Material for this exercise below:
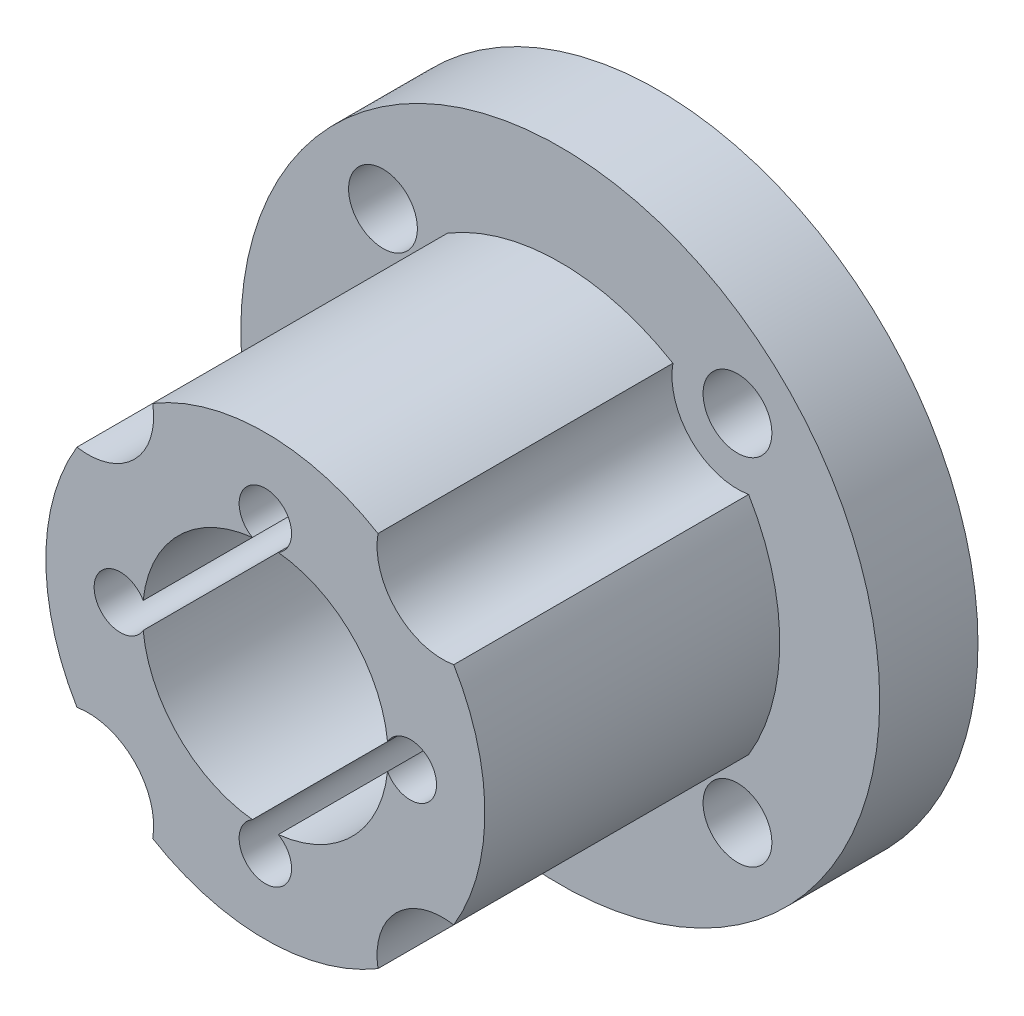
ISO-10303-21;
HEADER;
FILE_DESCRIPTION(('STEP AP214'),'2;1');
FILE_NAME('part.step','',(''),(''),'','','');
FILE_SCHEMA(('AUTOMOTIVE_DESIGN { 1 0 10303 214 1 1 1 1 }'));
ENDSEC;
DATA;
#1=APPLICATION_CONTEXT('core data for automotive mechanical design processes');
#2=APPLICATION_PROTOCOL_DEFINITION('international standard','automotive_design',2000,#1);
#3=PRODUCT_CONTEXT('',#1,'mechanical');
#4=PRODUCT('Part','Part','',(#3));
#5=PRODUCT_RELATED_PRODUCT_CATEGORY('part','',(#4));
#6=PRODUCT_DEFINITION_FORMATION('','',#4);
#7=PRODUCT_DEFINITION_CONTEXT('part definition',#1,'design');
#8=PRODUCT_DEFINITION('design','',#6,#7);
#9=PRODUCT_DEFINITION_SHAPE('','',#8);
#10=(LENGTH_UNIT() NAMED_UNIT(*) SI_UNIT(.MILLI.,.METRE.));
#11=(NAMED_UNIT(*) PLANE_ANGLE_UNIT() SI_UNIT($,.RADIAN.));
#12=(NAMED_UNIT(*) SI_UNIT($,.STERADIAN.) SOLID_ANGLE_UNIT());
#13=UNCERTAINTY_MEASURE_WITH_UNIT(LENGTH_MEASURE(1.E-05),#10,'distance_accuracy_value','');
#14=(GEOMETRIC_REPRESENTATION_CONTEXT(3) GLOBAL_UNCERTAINTY_ASSIGNED_CONTEXT((#13)) GLOBAL_UNIT_ASSIGNED_CONTEXT((#10,
#11,#12)) REPRESENTATION_CONTEXT('',''));
#15=CARTESIAN_POINT('',(0.,0.,0.));
#16=DIRECTION('',(0.,0.,1.));
#17=DIRECTION('',(1.,0.,0.));
#18=AXIS2_PLACEMENT_3D('',#15,#16,#17);
#19=CARTESIAN_POINT('',(-5.4093668760771,-5.40936687607708,-3.));
#20=DIRECTION('',(0.,0.,1.));
#21=DIRECTION('',(1.,0.,0.));
#22=AXIS2_PLACEMENT_3D('',#19,#20,#21);
#23=CYLINDRICAL_SURFACE('',#22,1.05);
#24=CARTESIAN_POINT('',(-5.4093668760771,-5.40936687607708,-3.));
#25=DIRECTION('',(0.,0.,1.));
#26=DIRECTION('',(1.,0.,0.));
#27=AXIS2_PLACEMENT_3D('',#24,#25,#26);
#28=CIRCLE('',#27,1.05);
#29=CARTESIAN_POINT('',(-4.3593668760771,-5.40936687607708,-3.));
#30=VERTEX_POINT('',#29);
#31=EDGE_CURVE('E393',#30,#30,#28,.T.);
#32=ORIENTED_EDGE('',*,*,#31,.F.);
#33=EDGE_LOOP('',(#32));
#34=FACE_BOUND('',#33,.T.);
#35=CARTESIAN_POINT('',(-5.4093668760771,-5.40936687607708,0.));
#36=DIRECTION('',(0.,0.,1.));
#37=DIRECTION('',(1.,0.,0.));
#38=AXIS2_PLACEMENT_3D('',#35,#36,#37);
#39=CIRCLE('',#38,1.05);
#40=CARTESIAN_POINT('',(-4.3593668760771,-5.40936687607708,0.));
#41=VERTEX_POINT('',#40);
#42=EDGE_CURVE('E396',#41,#41,#39,.T.);
#43=ORIENTED_EDGE('',*,*,#42,.T.);
#44=EDGE_LOOP('',(#43));
#45=FACE_BOUND('',#44,.T.);
#46=ADVANCED_FACE('F45',(#34,#45),#23,.F.);
#47=CARTESIAN_POINT('',(5.40936687607708,-5.4093668760771,-3.));
#48=DIRECTION('',(0.,0.,1.));
#49=DIRECTION('',(1.,0.,0.));
#50=AXIS2_PLACEMENT_3D('',#47,#48,#49);
#51=CYLINDRICAL_SURFACE('',#50,1.05);
#52=CARTESIAN_POINT('',(5.40936687607708,-5.4093668760771,-3.));
#53=DIRECTION('',(0.,0.,1.));
#54=DIRECTION('',(1.,0.,0.));
#55=AXIS2_PLACEMENT_3D('',#52,#53,#54);
#56=CIRCLE('',#55,1.05);
#57=CARTESIAN_POINT('',(6.45936687607708,-5.4093668760771,-3.));
#58=VERTEX_POINT('',#57);
#59=EDGE_CURVE('E399',#58,#58,#56,.T.);
#60=ORIENTED_EDGE('',*,*,#59,.F.);
#61=EDGE_LOOP('',(#60));
#62=FACE_BOUND('',#61,.T.);
#63=CARTESIAN_POINT('',(5.40936687607708,-5.4093668760771,0.));
#64=DIRECTION('',(0.,0.,1.));
#65=DIRECTION('',(1.,0.,0.));
#66=AXIS2_PLACEMENT_3D('',#63,#64,#65);
#67=CIRCLE('',#66,1.05);
#68=CARTESIAN_POINT('',(6.45936687607708,-5.4093668760771,0.));
#69=VERTEX_POINT('',#68);
#70=EDGE_CURVE('E402',#69,#69,#67,.T.);
#71=ORIENTED_EDGE('',*,*,#70,.T.);
#72=EDGE_LOOP('',(#71));
#73=FACE_BOUND('',#72,.T.);
#74=ADVANCED_FACE('F282',(#62,#73),#51,.F.);
#75=CARTESIAN_POINT('',(5.4093668760771,5.40936687607708,-3.));
#76=DIRECTION('',(0.,0.,1.));
#77=DIRECTION('',(1.,0.,0.));
#78=AXIS2_PLACEMENT_3D('',#75,#76,#77);
#79=CYLINDRICAL_SURFACE('',#78,1.05);
#80=CARTESIAN_POINT('',(5.4093668760771,5.40936687607708,-3.));
#81=DIRECTION('',(0.,0.,1.));
#82=DIRECTION('',(1.,0.,0.));
#83=AXIS2_PLACEMENT_3D('',#80,#81,#82);
#84=CIRCLE('',#83,1.05);
#85=CARTESIAN_POINT('',(6.4593668760771,5.40936687607708,-3.));
#86=VERTEX_POINT('',#85);
#87=EDGE_CURVE('E405',#86,#86,#84,.T.);
#88=ORIENTED_EDGE('',*,*,#87,.F.);
#89=EDGE_LOOP('',(#88));
#90=FACE_BOUND('',#89,.T.);
#91=CARTESIAN_POINT('',(5.4093668760771,5.40936687607708,0.));
#92=DIRECTION('',(0.,0.,1.));
#93=DIRECTION('',(1.,0.,0.));
#94=AXIS2_PLACEMENT_3D('',#91,#92,#93);
#95=CIRCLE('',#94,1.05);
#96=CARTESIAN_POINT('',(6.4593668760771,5.40936687607708,0.));
#97=VERTEX_POINT('',#96);
#98=EDGE_CURVE('E408',#97,#97,#95,.T.);
#99=ORIENTED_EDGE('',*,*,#98,.T.);
#100=EDGE_LOOP('',(#99));
#101=FACE_BOUND('',#100,.T.);
#102=ADVANCED_FACE('F288',(#90,#101),#79,.F.);
#103=CARTESIAN_POINT('',(-5.40936687607708,5.4093668760771,-3.));
#104=DIRECTION('',(0.,0.,1.));
#105=DIRECTION('',(1.,0.,0.));
#106=AXIS2_PLACEMENT_3D('',#103,#104,#105);
#107=CYLINDRICAL_SURFACE('',#106,1.05);
#108=CARTESIAN_POINT('',(-5.40936687607708,5.4093668760771,-3.));
#109=DIRECTION('',(0.,0.,1.));
#110=DIRECTION('',(1.,0.,0.));
#111=AXIS2_PLACEMENT_3D('',#108,#109,#110);
#112=CIRCLE('',#111,1.05);
#113=CARTESIAN_POINT('',(-4.35936687607708,5.4093668760771,-3.));
#114=VERTEX_POINT('',#113);
#115=EDGE_CURVE('E227',#114,#114,#112,.T.);
#116=ORIENTED_EDGE('',*,*,#115,.F.);
#117=EDGE_LOOP('',(#116));
#118=FACE_BOUND('',#117,.T.);
#119=CARTESIAN_POINT('',(-5.40936687607708,5.4093668760771,0.));
#120=DIRECTION('',(0.,0.,1.));
#121=DIRECTION('',(1.,0.,0.));
#122=AXIS2_PLACEMENT_3D('',#119,#120,#121);
#123=CIRCLE('',#122,1.05);
#124=CARTESIAN_POINT('',(-4.35936687607708,5.4093668760771,0.));
#125=VERTEX_POINT('',#124);
#126=EDGE_CURVE('E223',#125,#125,#123,.T.);
#127=ORIENTED_EDGE('',*,*,#126,.T.);
#128=EDGE_LOOP('',(#127));
#129=FACE_BOUND('',#128,.T.);
#130=ADVANCED_FACE('F299',(#118,#129),#107,.F.);
#131=CARTESIAN_POINT('',(0.,0.,9.));
#132=DIRECTION('',(0.,0.,-1.));
#133=DIRECTION('',(-1.,0.,0.));
#134=AXIS2_PLACEMENT_3D('',#131,#132,#133);
#135=CYLINDRICAL_SURFACE('',#134,6.7);
#136=CARTESIAN_POINT('',(0.,0.,0.));
#137=DIRECTION('',(0.,0.,1.));
#138=DIRECTION('',(1.,0.,0.));
#139=AXIS2_PLACEMENT_3D('',#136,#137,#138);
#140=CIRCLE('',#139,6.7);
#141=CARTESIAN_POINT('',(-5.75028464837844,3.43863729733498,0.));
#142=VERTEX_POINT('',#141);
#143=CARTESIAN_POINT('',(-5.75028464837845,-3.43863729733497,0.));
#144=VERTEX_POINT('',#143);
#145=EDGE_CURVE('E184',#142,#144,#140,.T.);
#146=ORIENTED_EDGE('',*,*,#145,.T.);
#147=DIRECTION('',(0.,0.,1.));
#148=VECTOR('',#147,1.);
#149=CARTESIAN_POINT('',(-5.75028464837845,-3.43863729733497,4.5));
#150=LINE('',#149,#148);
#151=CARTESIAN_POINT('',(-5.75028464837845,-3.43863729733497,9.));
#152=VERTEX_POINT('',#151);
#153=EDGE_CURVE('E164',#144,#152,#150,.T.);
#154=ORIENTED_EDGE('',*,*,#153,.T.);
#155=CARTESIAN_POINT('',(0.,0.,9.));
#156=DIRECTION('',(0.,0.,1.));
#157=DIRECTION('',(1.,0.,0.));
#158=AXIS2_PLACEMENT_3D('',#155,#156,#157);
#159=CIRCLE('',#158,6.7);
#160=CARTESIAN_POINT('',(-5.75028464837844,3.43863729733498,9.));
#161=VERTEX_POINT('',#160);
#162=EDGE_CURVE('E49',#161,#152,#159,.T.);
#163=ORIENTED_EDGE('',*,*,#162,.F.);
#164=DIRECTION('',(0.,0.,1.));
#165=VECTOR('',#164,1.);
#166=CARTESIAN_POINT('',(-5.75028464837844,3.43863729733498,4.5));
#167=LINE('',#166,#165);
#168=EDGE_CURVE('E390',#161,#142,#167,.F.);
#169=ORIENTED_EDGE('',*,*,#168,.T.);
#170=EDGE_LOOP('',(#146,#154,#163,#169));
#171=FACE_BOUND('',#170,.T.);
#172=ADVANCED_FACE('F303',(#171),#135,.T.);
#173=CARTESIAN_POINT('',(-3.43863729733498,-5.75028464837844,9.));
#174=VERTEX_POINT('',#173);
#175=CARTESIAN_POINT('',(3.43863729733496,-5.75028464837845,9.));
#176=VERTEX_POINT('',#175);
#177=EDGE_CURVE('E177',#174,#176,#159,.T.);
#178=ORIENTED_EDGE('',*,*,#177,.F.);
#179=DIRECTION('',(0.,0.,1.));
#180=VECTOR('',#179,1.);
#181=CARTESIAN_POINT('',(-3.43863729733498,-5.75028464837844,4.5));
#182=LINE('',#181,#180);
#183=CARTESIAN_POINT('',(-3.43863729733498,-5.75028464837844,0.));
#184=VERTEX_POINT('',#183);
#185=EDGE_CURVE('E161',#174,#184,#182,.F.);
#186=ORIENTED_EDGE('',*,*,#185,.T.);
#187=CARTESIAN_POINT('',(3.43863729733496,-5.75028464837845,0.));
#188=VERTEX_POINT('',#187);
#189=EDGE_CURVE('E175',#184,#188,#140,.T.);
#190=ORIENTED_EDGE('',*,*,#189,.T.);
#191=DIRECTION('',(0.,0.,1.));
#192=VECTOR('',#191,1.);
#193=CARTESIAN_POINT('',(3.43863729733496,-5.75028464837845,4.5));
#194=LINE('',#193,#192);
#195=EDGE_CURVE('E369',#188,#176,#194,.T.);
#196=ORIENTED_EDGE('',*,*,#195,.T.);
#197=EDGE_LOOP('',(#178,#186,#190,#196));
#198=FACE_BOUND('',#197,.T.);
#199=ADVANCED_FACE('F173',(#198),#135,.T.);
#200=CARTESIAN_POINT('',(5.75028464837844,-3.43863729733498,9.));
#201=VERTEX_POINT('',#200);
#202=CARTESIAN_POINT('',(5.75028464837845,3.43863729733497,9.));
#203=VERTEX_POINT('',#202);
#204=EDGE_CURVE('E200',#201,#203,#159,.T.);
#205=ORIENTED_EDGE('',*,*,#204,.F.);
#206=DIRECTION('',(0.,0.,1.));
#207=VECTOR('',#206,1.);
#208=CARTESIAN_POINT('',(5.75028464837844,-3.43863729733498,4.5));
#209=LINE('',#208,#207);
#210=CARTESIAN_POINT('',(5.75028464837844,-3.43863729733498,0.));
#211=VERTEX_POINT('',#210);
#212=EDGE_CURVE('E365',#201,#211,#209,.F.);
#213=ORIENTED_EDGE('',*,*,#212,.T.);
#214=CARTESIAN_POINT('',(5.75028464837845,3.43863729733497,0.));
#215=VERTEX_POINT('',#214);
#216=EDGE_CURVE('E185',#211,#215,#140,.T.);
#217=ORIENTED_EDGE('',*,*,#216,.T.);
#218=DIRECTION('',(0.,0.,1.));
#219=VECTOR('',#218,1.);
#220=CARTESIAN_POINT('',(5.75028464837845,3.43863729733497,4.5));
#221=LINE('',#220,#219);
#222=EDGE_CURVE('E379',#215,#203,#221,.T.);
#223=ORIENTED_EDGE('',*,*,#222,.T.);
#224=EDGE_LOOP('',(#205,#213,#217,#223));
#225=FACE_BOUND('',#224,.T.);
#226=ADVANCED_FACE('F340',(#225),#135,.T.);
#227=CARTESIAN_POINT('',(0.,0.,9.));
#228=DIRECTION('',(0.,0.,-1.));
#229=DIRECTION('',(-1.,0.,0.));
#230=AXIS2_PLACEMENT_3D('',#227,#228,#229);
#231=CYLINDRICAL_SURFACE('',#230,3.75);
#232=DIRECTION('',(0.,0.,1.));
#233=VECTOR('',#232,1.);
#234=CARTESIAN_POINT('',(3.72916666666667,-0.39473531919783,3.));
#235=LINE('',#234,#233);
#236=CARTESIAN_POINT('',(3.72916666666667,-0.394735319197838,-3.));
#237=VERTEX_POINT('',#236);
#238=CARTESIAN_POINT('',(3.72916666666667,-0.394735319197823,9.));
#239=VERTEX_POINT('',#238);
#240=EDGE_CURVE('E213',#237,#239,#235,.T.);
#241=ORIENTED_EDGE('',*,*,#240,.F.);
#242=CARTESIAN_POINT('',(0.,0.,-3.));
#243=DIRECTION('',(0.,0.,1.));
#244=DIRECTION('',(1.,0.,0.));
#245=AXIS2_PLACEMENT_3D('',#242,#243,#244);
#246=CIRCLE('',#245,3.75);
#247=CARTESIAN_POINT('',(0.394735319197838,-3.72916666666667,-3.));
#248=VERTEX_POINT('',#247);
#249=EDGE_CURVE('E329',#248,#237,#246,.T.);
#250=ORIENTED_EDGE('',*,*,#249,.F.);
#251=DIRECTION('',(0.,0.,1.));
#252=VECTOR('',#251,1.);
End of Material for this exercise.
Description of the task: Out of the data above, give again only the lines starting at the one holding "#159=CIRCLE('',#158,6.7);" and ending at the one holding "#174=VERTEX_POINT('',#173);", unchanged.

Output for this exercise:
#159=CIRCLE('',#158,6.7);
#160=CARTESIAN_POINT('',(-5.75028464837844,3.43863729733498,9.));
#161=VERTEX_POINT('',#160);
#162=EDGE_CURVE('E49',#161,#152,#159,.T.);
#163=ORIENTED_EDGE('',*,*,#162,.F.);
#164=DIRECTION('',(0.,0.,1.));
#165=VECTOR('',#164,1.);
#166=CARTESIAN_POINT('',(-5.75028464837844,3.43863729733498,4.5));
#167=LINE('',#166,#165);
#168=EDGE_CURVE('E390',#161,#142,#167,.F.);
#169=ORIENTED_EDGE('',*,*,#168,.T.);
#170=EDGE_LOOP('',(#146,#154,#163,#169));
#171=FACE_BOUND('',#170,.T.);
#172=ADVANCED_FACE('F303',(#171),#135,.T.);
#173=CARTESIAN_POINT('',(-3.43863729733498,-5.75028464837844,9.));
#174=VERTEX_POINT('',#173);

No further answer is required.